Reflita sobre os tempos litúrgicos vivenciados pela Igreja

Com este artigo, chegamos ao fim de uma série de artigos em que tratamos da Santa Missa, seus vários atributos e significados. Eles nos ajudaram a entendê-la um pouco mais, para que assim possamos viver melhor tão grande mistério. Neste último artigo, vamos tratar das festas e dos tempos especiais durante o Ano Litúrgico.

Os tempos litúrgicos são divididos em Tempo do Advento, Tempo do Natal, Tempo da Quaresma e Tempo Pascal. Para que servem esses tempos e suas divisões? A Igreja divide o ano em tempos litúrgicos, a fim de deixá-los o mais claro possível, para que o povo entre na dinâmica salvífica do mistério pascal, que é celebrado em cada Santa Missa.

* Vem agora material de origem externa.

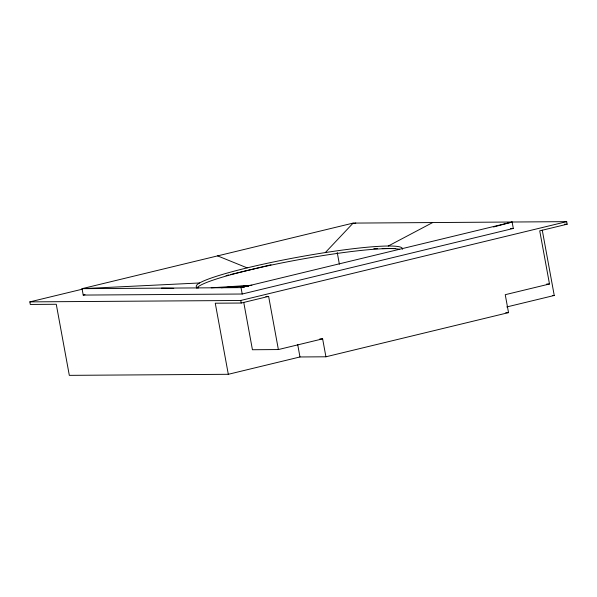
<?xml version="1.0" encoding="UTF-8"?>
<svg xmlns="http://www.w3.org/2000/svg" width="597" height="597" viewBox="0 0 597 597"><rect width="100%" height="100%" fill="white"/><g stroke="black" fill="none" stroke-linecap="round" stroke-linejoin="round"><path stroke-width="0.9" d="M325.328 252.561L353.148 223.099L566.68 221.644L567.15 224.203L539.733 230.838L549.486 283.993L505.241 294.694L508.532 312.627L325.925 356.79L299.97 356.969L228.308 374.297L69.319 375.356L56.267 304.269L30.32 304.44L29.85 301.881L82.364 289.179M388.266 246.016L432.638 222.569M493.54 226.979L499.062 225.517M499.853 225.308L512.136 222.039L513.316 228.45L242.21 294.015L83.214 295.075L82.043 288.672L353.148 223.099M353.976 223.487L355.79 223.047M83.214 295.075L85.02 294.634M226.069 275.65L228.763 274.993M230.561 274.56L270.993 264.784M512.136 222.039L241.031 287.612L82.043 288.672L199.547 282.978M29.85 301.881L240.74 300.47L566.68 221.644M228.308 374.297L215.263 303.209L241.21 303.037L268.628 296.403L278.381 349.558L322.634 338.857L325.925 356.79M506.771 306.948L554.247 295.47L542.263 230.143M244.539 287.053L241.031 287.612L242.21 294.015M251.874 285.254L211.226 287.806M221.159 287.739L248.77 285.933A104.811 10.41 -10.4 0 1 246.054 286.262M227.942 287.135L241.524 286.351M243.337 286.247L248.77 285.933M564.366 224.226L567.15 224.203M510.525 228.464L513.316 228.45M373.834 248.673L377.558 248.65M382.214 248.621L395.251 248.531M546.71 284.015L549.486 283.993M265.852 296.418L267.702 296.41M552.389 295.478L554.247 295.47M505.756 312.649L508.532 312.627M319.85 338.88L322.634 338.857M278.381 349.558L252.434 349.738L243.74 302.343M161.541 288.142L173.749 288.366M217.592 255.882L247.158 267.874M337.23 252.509L339.372 264.165M297.672 344.409L299.97 356.969M240.74 300.47L241.21 303.037M198.331 288A104.811 10.41 -10.4 0 1 291.381 258.419A104.811 10.41 -10.4 0 1 402.311 249.33M196.809 288.284A104.811 10.41 -10.4 0 1 289.344 261.456A104.811 10.41 -10.4 0 1 399.654 249.307"/></g></svg>
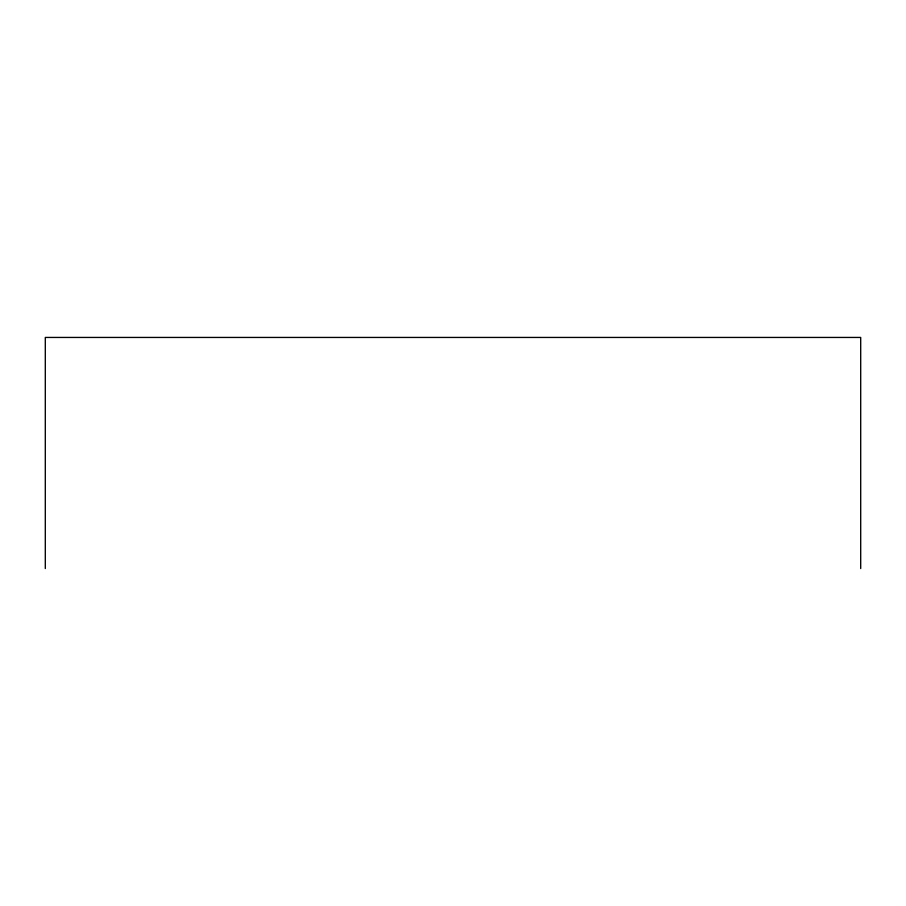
<?xml version="1.0" encoding="UTF-8"?>
<svg xmlns="http://www.w3.org/2000/svg" width="906" height="906" viewBox="0 0 906 906"><rect width="100%" height="100%" fill="white"/><g stroke="black" fill="none" stroke-linecap="round" stroke-linejoin="round"><path stroke-width="1.36" d="M860.7 568.56L860.7 337.44L45.3 337.44L45.3 568.56"/></g></svg>

Como se dividem as festas e os tempos litúrgicos especiais

Foto ilustrativa: Bruno Marques/cancaonova.com

Se você não sabia, o ano litúrgico começa no Tempo do Advento, que é a preparação para o Natal do Senhor, um dos momentos mais importantes para nós católicos. O documento do Concílio Vaticano II Sacrosanctum Concilium, no número 102, expõe o seguinte sobre o Ano Litúrgico: “A santa mãe Igreja considera seu dever celebrar, em determinados dias do ano, a memória sagrada da obra de salvação do seu divino Esposo. Em cada semana, no dia a que chamou domingo, celebra a da Ressurreição do Senhor, como a celebra também uma vez no ano na Páscoa, a maior das solenidades, unida à memória da sua Paixão”.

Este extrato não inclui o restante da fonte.